To do:
Using the material that follows, output exactly the lines from the one containing "light_light.shadow_soft_size = 0.1" through the one containing "me_circle = bpy.data.meshes.new('Circle')", with both ends kept.

The data:

• • • • •

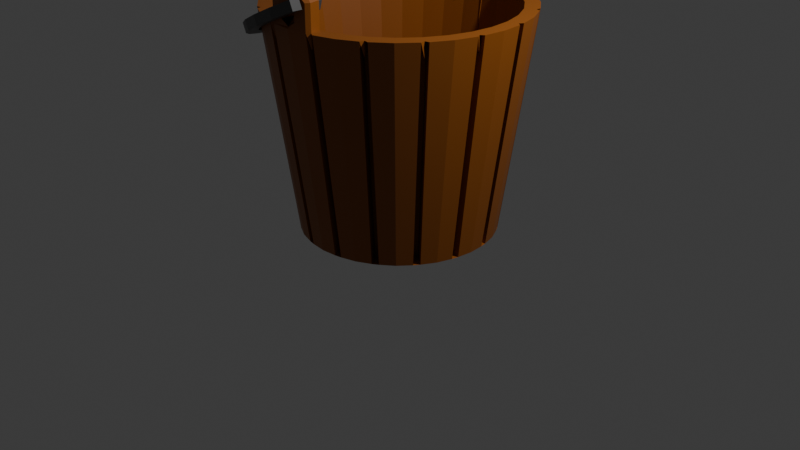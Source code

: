 # Source: bucket.blend  (saved by Blender 4.5.88; exported with 4.5.12 LTS)
import bpy
from mathutils import Matrix  # noqa: F401  (used for matrix-valued properties, if any)

bpy.ops.wm.read_factory_settings(use_empty=True)
scene = bpy.context.scene
scene.name = 'Scene'

# ---- collections
col_collection = bpy.data.collections.new('Collection'); scene.collection.children.link(col_collection)

# ---- materials (node trees are filled in below, after node groups)
mat_material_001 = bpy.data.materials.new('Material.001')
mat_material_002 = bpy.data.materials.new('Material.002')
mat_material_003 = bpy.data.materials.new('Material.003')

# ---- material node trees
mat_material_001.use_nodes = True; mat_material_001.node_tree.nodes.clear()
_N = mat_material_001.node_tree.nodes; _L = mat_material_001.node_tree.links
n0 = _N.new('ShaderNodeBsdfPrincipled'); n0.name = 'Principled BSDF'; n0.location = (-200, 100)
n0.inputs[0].default_value = (0.13, 0.003858, 0.003321, 1.0)
n1 = _N.new('ShaderNodeOutputMaterial'); n1.name = 'Material Output'; n1.location = (200, 100)
_L.new(n0.outputs[0], n1.inputs[0])
n1.is_active_output = True
mat_material_002.use_nodes = True; mat_material_002.node_tree.nodes.clear()
_N = mat_material_002.node_tree.nodes; _L = mat_material_002.node_tree.links
n0 = _N.new('ShaderNodeBsdfPrincipled'); n0.name = 'Principled BSDF'; n0.location = (-200, 100)
n0.inputs[0].default_value = (0.2856, 0.08177, 0.006524, 1.0)
n1 = _N.new('ShaderNodeOutputMaterial'); n1.name = 'Material Output'; n1.location = (200, 100)
_L.new(n0.outputs[0], n1.inputs[0])
n1.is_active_output = True
mat_material_003.use_nodes = True; mat_material_003.node_tree.nodes.clear()
_N = mat_material_003.node_tree.nodes; _L = mat_material_003.node_tree.links
n0 = _N.new('ShaderNodeBsdfPrincipled'); n0.name = 'Principled BSDF'; n0.location = (-200, 100)
n0.inputs[0].default_value = (0.07324, 0.07324, 0.07324, 1.0)
n1 = _N.new('ShaderNodeOutputMaterial'); n1.name = 'Material Output'; n1.location = (200, 100)
_L.new(n0.outputs[0], n1.inputs[0])
n1.is_active_output = True

# ---- world
world_world = bpy.data.worlds.new('World'); scene.world = world_world
world_world.use_nodes = True; world_world.node_tree.nodes.clear()
_N = world_world.node_tree.nodes; _L = world_world.node_tree.links
n0 = _N.new('ShaderNodeOutputWorld'); n0.name = 'World Output'; n0.location = (200, 100)
n1 = _N.new('ShaderNodeBackground'); n1.name = 'Background'; n1.location = (-200, 100)
n1.inputs[0].default_value = (0.05088, 0.05088, 0.05088, 1.0)
_L.new(n1.outputs[0], n0.inputs[0])
n0.is_active_output = True
world_world.color = (0.05088, 0.05088, 0.05088)
world_world.sun_shadow_jitter_overblur = 0.0

# ---- cameras
cam_camera = bpy.data.cameras.new('Camera')
cam_camera.clip_end = 100.0
cam_camera.ortho_scale = 7.314

# ---- lights
light_light = bpy.data.lights.new('Light', 'POINT')
light_light.energy = 1000.0
light_light.shadow_soft_size = 0.1

# ---- meshes
me_circle = bpy.data.meshes.new('Circle')
me_circle.from_pydata([(0.0, 1.0, 0.0), (-0.3827, 0.9239, 0.0), (-0.7071, 0.7071, 0.0), (-0.9239, 0.3827, 0.0), (-1.0, 0.0, 0.0), (-0.9239, -0.3827, 0.0), (-0.7071, -0.7071, 0.0), (-0.3827, -0.9239, 0.0), (0.0, -1.0, 0.0), (0.3827, -0.9239, 0.0), (0.7071, -0.7071, 0.0), (0.9239, -0.3827, 0.0), (1.0, 0.0, 0.0), (0.9239, 0.3827, 0.0), (0.7071, 0.7071, 0.0), (0.3827, 0.9239, 0.0), (-8.822e-08, 1.148, 2.253), (-0.09173, 1.148, 2.306), (-0.4428, 1.069, 2.24), (-0.6429, 0.9621, 2.24), (-0.8182, 0.8182, 2.24), (-0.9621, 0.6429, 2.24), (-1.069, 0.4428, 2.24), (-1.135, 0.2257, 2.24), (-1.157, -4.562e-09, 2.24), (-1.135, -0.2257, 2.24), (-1.069, -0.4428, 2.24), (-0.9621, -0.6429, 2.24), (-0.8182, -0.8182, 2.24), (-0.6429, -0.9621, 2.24), (-0.4428, -1.069, 2.24), (-0.09173, -1.148, 2.306), (1.03e-07, -1.148, 2.253), (0.09173, -1.148, 2.306), (0.4428, -1.069, 2.24), (0.6429, -0.9621, 2.24), (0.8182, -0.8182, 2.24), (0.9621, -0.6429, 2.24), (1.069, -0.4428, 2.24), (1.135, -0.2257, 2.24), (1.157, -4.562e-09, 2.24), (1.135, 0.2257, 2.24), (1.069, 0.4428, 2.24), (0.9621, 0.6429, 2.24), (0.8182, 0.8182, 2.24), (0.6429, 0.9621, 2.24), (0.4428, 1.069, 2.24), (0.09173, 1.148, 2.306), (-7.079e-09, 1.297, 2.257), (-0.4998, 1.207, 2.24), (-0.9236, 0.9236, 2.24), (-1.207, 0.4998, 2.24), (-1.306, -4.562e-09, 2.24), (-1.207, -0.4998, 2.24), (-0.9236, -0.9236, 2.24), (-0.4998, -1.207, 2.24), (-2.642e-08, -1.297, 2.257), (0.4998, -1.207, 2.24), (0.9236, -0.9236, 2.24), (1.207, -0.4998, 2.24), (1.306, -4.562e-09, 2.24), (1.207, 0.4998, 2.24), (0.9236, 0.9236, 2.24), (0.4998, 1.207, 2.24), (-0.1985, 0.9978, 1.278), (1.302e-07, 1.017, 1.278), (-0.3893, 0.9399, 1.278), (-0.5652, 0.8459, 1.278), (-0.7194, 0.7194, 1.278), (-0.8459, 0.5652, 1.278), (-0.9399, 0.3893, 1.278), (-0.9978, 0.1985, 1.278), (-1.017, -4.911e-09, 1.278), (-0.9978, -0.1985, 1.278), (-0.9399, -0.3893, 1.278), (-0.8459, -0.5652, 1.278), (-0.7194, -0.7194, 1.278), (-0.5652, -0.8459, 1.278), (-0.3893, -0.9399, 1.278), (-0.1985, -0.9978, 1.278), (1.302e-07, -1.017, 1.278), (0.1985, -0.9978, 1.278), (0.3893, -0.9399, 1.278), (0.5652, -0.8459, 1.278), (0.7194, -0.7194, 1.278), (0.8459, -0.5652, 1.278), (0.9399, -0.3893, 1.278), (0.9978, -0.1985, 1.278), (1.017, -4.911e-09, 1.278), (0.9978, 0.1985, 1.278), (0.9399, 0.3893, 1.278), (0.8459, 0.5652, 1.278), (0.7194, 0.7194, 1.278), (0.5652, 0.8459, 1.278), (0.3893, 0.9399, 1.278), (0.1985, 0.9978, 1.278), (-0.2289, 0.9705, 0.0), (-0.1599, 0.9843, 3.056e-09), (-0.5829, 0.809, 0.0), (-0.5244, 0.8481, 1.95e-09), (-0.8481, 0.5244, 0.0), (-0.809, 0.5829, -3.638e-09), (-0.9843, 0.1599, 0.0), (-0.9705, 0.2289, 2.619e-09), (-0.9705, -0.2289, 0.0), (-0.9843, -0.1599, 3.056e-09), (-0.809, -0.5829, 0.0), (-0.8481, -0.5244, 1.95e-09), (-0.5244, -0.8481, 0.0), (-0.5829, -0.809, -3.638e-09), (-0.1599, -0.9843, 0.0), (-0.2289, -0.9705, 2.619e-09), (0.2289, -0.9705, 0.0), (0.1599, -0.9843, 3.027e-09), (0.5829, -0.809, 0.0), (0.5244, -0.8481, 1.95e-09), (0.8481, -0.5244, 0.0), (0.809, -0.5829, -3.638e-09), (0.9843, -0.1599, 0.0), (0.9705, -0.2289, 2.619e-09), (0.9705, 0.2289, 0.0), (0.9843, 0.1599, 3.056e-09), (0.809, 0.5829, 0.0), (0.8481, 0.5244, 1.95e-09), (0.5244, 0.8481, 0.0), (0.5829, 0.809, -3.638e-09), (0.1599, 0.9843, 0.0), (0.2289, 0.9705, 2.59e-09), (-0.08829, 1.297, 2.308), (-0.2886, 1.271, 2.24), (-0.2479, 1.246, 2.24), (-0.6945, 1.103, 2.24), (-0.753, 1.064, 2.24), (-0.706, 1.057, 2.24), (-1.064, 0.753, 2.24), (-1.103, 0.6945, 2.24), (-1.057, 0.706, 2.24), (-1.271, 0.2886, 2.24), (-1.284, 0.2196, 2.24), (-1.246, 0.2479, 2.24), (-1.284, -0.2196, 2.24), (-1.271, -0.2886, 2.24), (-1.246, -0.2479, 2.24), (-1.103, -0.6945, 2.24), (-1.064, -0.753, 2.24), (-1.057, -0.706, 2.24), (-0.753, -1.064, 2.24), (-0.6945, -1.103, 2.24), (-0.706, -1.057, 2.24), (-0.2886, -1.271, 2.24), (-0.08829, -1.297, 2.308), (-0.2479, -1.246, 2.24), (0.08829, -1.297, 2.308), (0.2886, -1.271, 2.24), (0.2479, -1.246, 2.24), (0.6945, -1.103, 2.24), (0.753, -1.064, 2.24), (0.706, -1.057, 2.24), (1.064, -0.753, 2.24), (1.103, -0.6945, 2.24), (1.057, -0.706, 2.24), (1.271, -0.2886, 2.24), (1.284, -0.2196, 2.24), (1.246, -0.2479, 2.24), (1.284, 0.2196, 2.24), (1.271, 0.2886, 2.24), (1.246, 0.2479, 2.24), (1.103, 0.6945, 2.24), (1.064, 0.753, 2.24), (1.057, 0.706, 2.24), (0.753, 1.064, 2.24), (0.6945, 1.103, 2.24), (0.706, 1.057, 2.24), (0.2886, 1.271, 2.24), (0.08829, 1.297, 2.308), (0.2479, 1.246, 2.24), (-0.2479, 1.246, 2.092), (-0.1922, 1.147, 2.193), (-0.2612, 1.133, 2.193), (-0.706, 1.057, 2.092), (-0.6164, 0.9859, 2.193), (-0.6749, 0.9468, 2.193), (-1.057, 0.706, 2.092), (-0.9468, 0.6749, 2.193), (-0.9859, 0.6164, 2.193), (-1.246, 0.2479, 2.092), (-1.133, 0.2612, 2.193), (-1.147, 0.1922, 2.193), (-1.246, -0.2479, 2.092), (-1.147, -0.1922, 2.193), (-1.133, -0.2612, 2.193), (-1.057, -0.706, 2.092), (-0.9859, -0.6164, 2.193), (-0.9468, -0.6749, 2.193), (-0.706, -1.057, 2.092), (-0.6749, -0.9468, 2.193), (-0.6164, -0.9859, 2.193), (-0.2479, -1.246, 2.092), (-0.2612, -1.133, 2.193), (-0.1922, -1.147, 2.193), (0.2479, -1.246, 2.092), (0.1922, -1.147, 2.193), (0.2612, -1.133, 2.193), (0.706, -1.057, 2.092), (0.6164, -0.9859, 2.193), (0.6749, -0.9468, 2.193), (1.057, -0.706, 2.092), (0.9468, -0.6749, 2.193), (0.9859, -0.6164, 2.193), (1.246, -0.2479, 2.092), (1.133, -0.2612, 2.193), (1.147, -0.1922, 2.193), (1.246, 0.2479, 2.092), (1.147, 0.1922, 2.193), (1.133, 0.2612, 2.193), (1.057, 0.706, 2.092), (0.9859, 0.6164, 2.193), (0.9468, 0.6749, 2.193), (0.706, 1.057, 2.092), (0.6749, 0.9468, 2.193), (0.6164, 0.9859, 2.193), (0.2479, 1.246, 2.092), (0.2612, 1.133, 2.193), (0.1922, 1.147, 2.193), (-0.4428, 0.726, 0.02007), (-0.5013, 0.6869, 0.02007), (0.2003, 0.8265, 0.02007), (0.1313, 0.8402, 0.02007), (0.1313, -0.8402, 0.02007), (0.2003, -0.8265, 0.02007), (-0.6869, 0.5013, 0.02007), (-0.726, 0.4428, 0.02007), (0.4428, -0.726, 0.02007), (0.5013, -0.6869, 0.02007), (-0.8265, 0.2003, 0.02007), (-0.8402, 0.1313, 0.02007), (0.6869, -0.5013, 0.02007), (0.726, -0.4428, 0.02007), (-0.8402, -0.1313, 0.02007), (-0.8265, -0.2003, 0.02007), (0.8265, -0.2003, 0.02007), (0.8402, -0.1313, 0.02007), (-0.726, -0.4428, 0.02007), (-0.6869, -0.5013, 0.02007), (0.8402, 0.1313, 0.02007), (0.8265, 0.2003, 0.02007), (-0.5013, -0.6869, 0.02007), (-0.4428, -0.726, 0.02007), (0.726, 0.4428, 0.02007), (0.6869, 0.5013, 0.02007), (-0.1313, 0.8402, 0.02007), (-0.2003, 0.8265, 0.02007), (-0.2003, -0.8265, 0.02007), (-0.1313, -0.8402, 0.02007), (0.5013, 0.6869, 0.02007), (0.4428, 0.726, 0.02007), (-0.09173, 1.148, 2.412), (4.264e-09, 1.157, 2.566), (-8.308e-08, -1.148, 2.465), (-0.09173, -1.148, 2.412), (0.09173, -1.148, 2.412), (0.09173, 1.148, 2.412), (8.315e-09, 1.297, 2.461), (3.759e-08, -1.297, 2.461), (-0.08829, 1.297, 2.41), (-0.08829, -1.297, 2.41), (0.08829, -1.297, 2.41), (0.08829, 1.297, 2.41), (4.264e-09, 1.157, 2.24), (4.264e-09, -1.157, 2.24), (-0.2257, -1.135, 2.24), (0.2257, -1.135, 2.24), (0.2257, 1.135, 2.24), (-0.2196, 1.284, 2.24), (3.706e-09, 1.306, 2.24), (3.706e-09, -1.306, 2.24), (-0.2196, -1.284, 2.24), (0.2196, -1.284, 2.24), (0.2196, 1.284, 2.24), (1.045e-07, 1.148, 2.465), (4.264e-09, -1.157, 2.566), (3.706e-09, 1.306, 2.566), (3.706e-09, -1.306, 2.566), (-0.177, -1.23, 2.566), (-0.2479, -1.246, 2.5), (0.2479, -1.246, 2.5), (0.177, -1.23, 2.566), (0.177, 1.23, 2.566), (0.2479, 1.246, 2.5), (-0.1597, 1.141, 2.273), (-0.2387, 1.2, 2.24), (-0.2893, 1.116, 2.24), (-0.2239, 1.126, 2.174), (-0.1597, 1.141, 2.24), (-0.1597, 1.141, 2.49), (-0.2257, -1.135, 2.5), (-0.1593, -1.141, 2.566), (-0.1823, -1.139, 2.516), (0.1593, -1.141, 2.566), (0.2257, -1.135, 2.5), (0.1823, -1.139, 2.516), (0.2257, 1.135, 2.5), (0.1593, 1.141, 2.566), (0.1823, 1.139, 2.516), (-0.1304, -1.293, 2.566), (-0.2196, -1.284, 2.5), (-0.177, -1.289, 2.516), (0.2196, -1.284, 2.5), (0.1304, -1.293, 2.566), (0.177, -1.289, 2.516), (0.1304, 1.293, 2.566), (0.2196, 1.284, 2.5), (0.177, 1.289, 2.516), (-0.2007, 1.236, 2.566), (-0.2479, 1.246, 2.522), (-0.2196, 1.284, 2.522), (-0.1602, 1.29, 2.566), (-0.1913, 1.287, 2.533), (-0.1987, 1.225, 2.566), (-0.2387, 1.2, 2.522), (-0.09414, 1.148, 2.566), (-0.1597, 1.141, 2.522)], [], [(271, 34, 82, 81), (64, 66, 67, 68, 69, 70, 71, 72, 73, 74, 75, 76, 77, 78, 79, 80, 81, 82, 83, 84, 85, 86, 87, 88, 89, 90, 91, 92, 93, 94, 95, 65), (20, 21, 69, 68), (272, 268, 65, 95), (34, 35, 83, 82), (21, 22, 70, 69), (35, 36, 84, 83), (22, 23, 71, 70), (36, 37, 85, 84), (23, 24, 72, 71), (37, 38, 86, 85), (24, 25, 73, 72), (38, 39, 87, 86), (25, 26, 74, 73), (39, 40, 88, 87), (26, 27, 75, 74), (40, 41, 89, 88), (27, 28, 76, 75), (41, 42, 90, 89), (28, 29, 77, 76), (42, 43, 91, 90), (29, 30, 78, 77), (43, 44, 92, 91), (30, 270, 79, 78), (44, 45, 93, 92), (270, 269, 80, 79), (18, 19, 67, 66), (45, 46, 94, 93), (269, 271, 81, 80), (19, 20, 68, 67), (46, 272, 95, 94), (98, 132, 181, 225), (106, 144, 193, 243), (276, 151, 197, 199), (99, 98, 225, 224), (107, 106, 243, 242), (131, 99, 224, 180), (161, 119, 240, 210), (151, 149, 198, 197), (278, 175, 221, 223), (118, 162, 211, 241), (147, 148, 194, 196), (119, 118, 241, 240), (175, 173, 222, 221), (140, 105, 238, 189), (148, 146, 195, 194), (171, 172, 218, 220), (104, 141, 190, 239), (144, 145, 191, 193), (105, 104, 239, 238), (170, 125, 254, 219), (172, 170, 219, 218), (158, 117, 236, 207), (124, 171, 220, 255), (145, 143, 192, 191), (168, 169, 215, 217), (116, 159, 208, 237), (125, 124, 255, 254), (141, 142, 188, 190), (117, 116, 237, 236), (149, 111, 252, 198), (169, 167, 216, 215), (137, 103, 234, 186), (0, 97, 273, 274), (96, 97, 0, 126, 127, 15, 124, 125, 14, 122, 123, 13, 120, 121, 12, 118, 119, 11, 116, 117, 10, 114, 115, 9, 112, 113, 8, 110, 111, 7, 108, 109, 6, 106, 107, 5, 104, 105, 4, 102, 103, 3, 100, 101, 2, 98, 99, 1), (96, 1, 49, 129), (1, 99, 131, 49), (98, 2, 50, 132), (2, 101, 134, 50), (100, 3, 51, 135), (3, 103, 137, 51), (102, 4, 52, 138), (4, 105, 140, 52), (104, 5, 53, 141), (5, 107, 143, 53), (106, 6, 54, 144), (6, 109, 146, 54), (108, 7, 55, 147), (7, 111, 149, 55), (110, 8, 275, 276), (8, 113, 277, 275), (112, 9, 57, 153), (9, 115, 155, 57), (114, 10, 58, 156), (10, 117, 158, 58), (116, 11, 59, 159), (11, 119, 161, 59), (118, 12, 60, 162), (12, 121, 164, 60), (120, 13, 61, 165), (13, 123, 167, 61), (122, 14, 62, 168), (14, 125, 170, 62), (124, 15, 63, 171), (15, 127, 173, 63), (126, 0, 274, 278), (19, 18, 49, 131, 133), (20, 19, 133, 132, 50), (21, 20, 50, 134, 136), (22, 21, 136, 135, 51), (23, 22, 51, 137, 139), (24, 23, 139, 138, 52), (25, 24, 52, 140, 142), (26, 25, 142, 141, 53), (27, 26, 53, 143, 145), (28, 27, 145, 144, 54), (29, 28, 54, 146, 148), (30, 29, 148, 147, 55), (270, 30, 55, 149, 151), (34, 271, 154, 153, 57), (35, 34, 57, 155, 157), (36, 35, 157, 156, 58), (37, 36, 58, 158, 160), (38, 37, 160, 159, 59), (39, 38, 59, 161, 163), (40, 39, 163, 162, 60), (41, 40, 60, 164, 166), (42, 41, 166, 165, 61), (43, 42, 61, 167, 169), (44, 43, 169, 168, 62), (45, 44, 62, 170, 172), (46, 45, 172, 171, 63), (272, 46, 63, 173, 175), (177, 178, 176), (180, 181, 179), (183, 184, 182), (186, 187, 185), (189, 190, 188), (192, 193, 191), (195, 196, 194), (198, 199, 197), (201, 202, 200), (204, 205, 203), (207, 208, 206), (210, 211, 209), (213, 214, 212), (216, 217, 215), (219, 220, 218), (222, 223, 221), (180, 224, 225, 181), (227, 223, 222, 226), (201, 228, 229, 202), (231, 184, 183, 230), (233, 205, 204, 232), (235, 187, 186, 234), (237, 208, 207, 236), (239, 190, 189, 238), (241, 211, 210, 240), (243, 193, 192, 242), (245, 214, 213, 244), (247, 196, 195, 246), (249, 217, 216, 248), (251, 178, 177, 250), (253, 199, 198, 252), (255, 220, 219, 254), (154, 277, 201, 200), (143, 107, 242, 192), (127, 126, 227, 226), (121, 120, 245, 244), (126, 278, 223, 227), (153, 154, 200, 202), (130, 273, 177, 176), (120, 165, 214, 245), (173, 127, 226, 222), (157, 155, 204, 203), (164, 121, 244, 213), (277, 113, 228, 201), (129, 130, 176, 178), (109, 108, 247, 246), (113, 112, 229, 228), (156, 157, 203, 205), (133, 131, 180, 179), (108, 147, 196, 247), (112, 153, 202, 229), (160, 158, 207, 206), (146, 109, 246, 195), (101, 100, 231, 230), (132, 133, 179, 181), (123, 122, 249, 248), (100, 135, 184, 231), (159, 160, 206, 208), (136, 134, 183, 182), (122, 168, 217, 249), (134, 101, 230, 183), (163, 161, 210, 209), (167, 123, 248, 216), (115, 114, 233, 232), (135, 136, 182, 184), (97, 96, 251, 250), (114, 156, 205, 233), (162, 163, 209, 211), (139, 137, 186, 185), (96, 129, 178, 251), (155, 115, 232, 204), (166, 164, 213, 212), (273, 97, 250, 177), (103, 102, 235, 234), (138, 139, 185, 187), (111, 110, 253, 252), (102, 138, 187, 235), (165, 166, 212, 214), (142, 140, 189, 188), (110, 276, 199, 253), (174, 48, 16, 47), (31, 32, 269, 270), (32, 33, 271, 269), (47, 16, 268, 272), (128, 48, 274, 273), (56, 150, 276, 275), (152, 56, 275, 277), (48, 174, 278, 274), (65, 48, 268, 16), (48, 128, 17, 16), (174, 47, 267), (279, 256, 264, 262), (261, 279, 262, 267), (261, 267, 47), (17, 128, 264, 256), (33, 152, 266, 260), (33, 260, 258, 263, 266, 152), (33, 32, 56, 152), (150, 270, 31, 32, 269, 152, 56), (259, 265, 150, 31), (259, 258, 263, 265), (289, 290, 291, 292, 293), (295, 296, 297), (298, 299, 300), (301, 302, 303), (304, 305, 306), (307, 308, 309), (310, 311, 312), (304, 283, 284, 305), (286, 308, 307, 285), (310, 287, 288, 311), (283, 296, 295, 284), (285, 299, 298, 286), (287, 302, 301, 288), (151, 276, 305, 284), (280, 296, 283, 304, 282), (270, 151, 284, 295), (277, 154, 285, 307), (298, 280, 282, 308, 286), (154, 271, 299, 285), (175, 278, 311, 288), (257, 302, 287, 310, 281), (272, 175, 288, 301), (16, 17, 289, 293, 268), (292, 291, 18, 66, 64), (268, 293, 292, 64, 65), (18, 291, 290, 130, 129, 49), (17, 256, 294, 289), (258, 259, 297, 296, 280), (259, 31, 270, 295, 297), (260, 258, 280, 298, 300), (33, 260, 300, 299, 271), (279, 261, 303, 302, 257), (261, 47, 272, 301, 303), (150, 265, 306, 305, 276), (265, 263, 282, 304, 306), (266, 152, 277, 307, 309), (263, 266, 309, 308, 282), (174, 267, 312, 311, 278), (267, 262, 281, 310, 312), (315, 316, 317), (313, 316, 315, 314), (320, 318, 319, 321), (318, 313, 314, 319), (318, 320, 257, 281, 316, 313), (273, 130, 314, 315), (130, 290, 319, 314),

• • • • •

Result:
light_light.shadow_soft_size = 0.1

# ---- meshes
me_circle = bpy.data.meshes.new('Circle')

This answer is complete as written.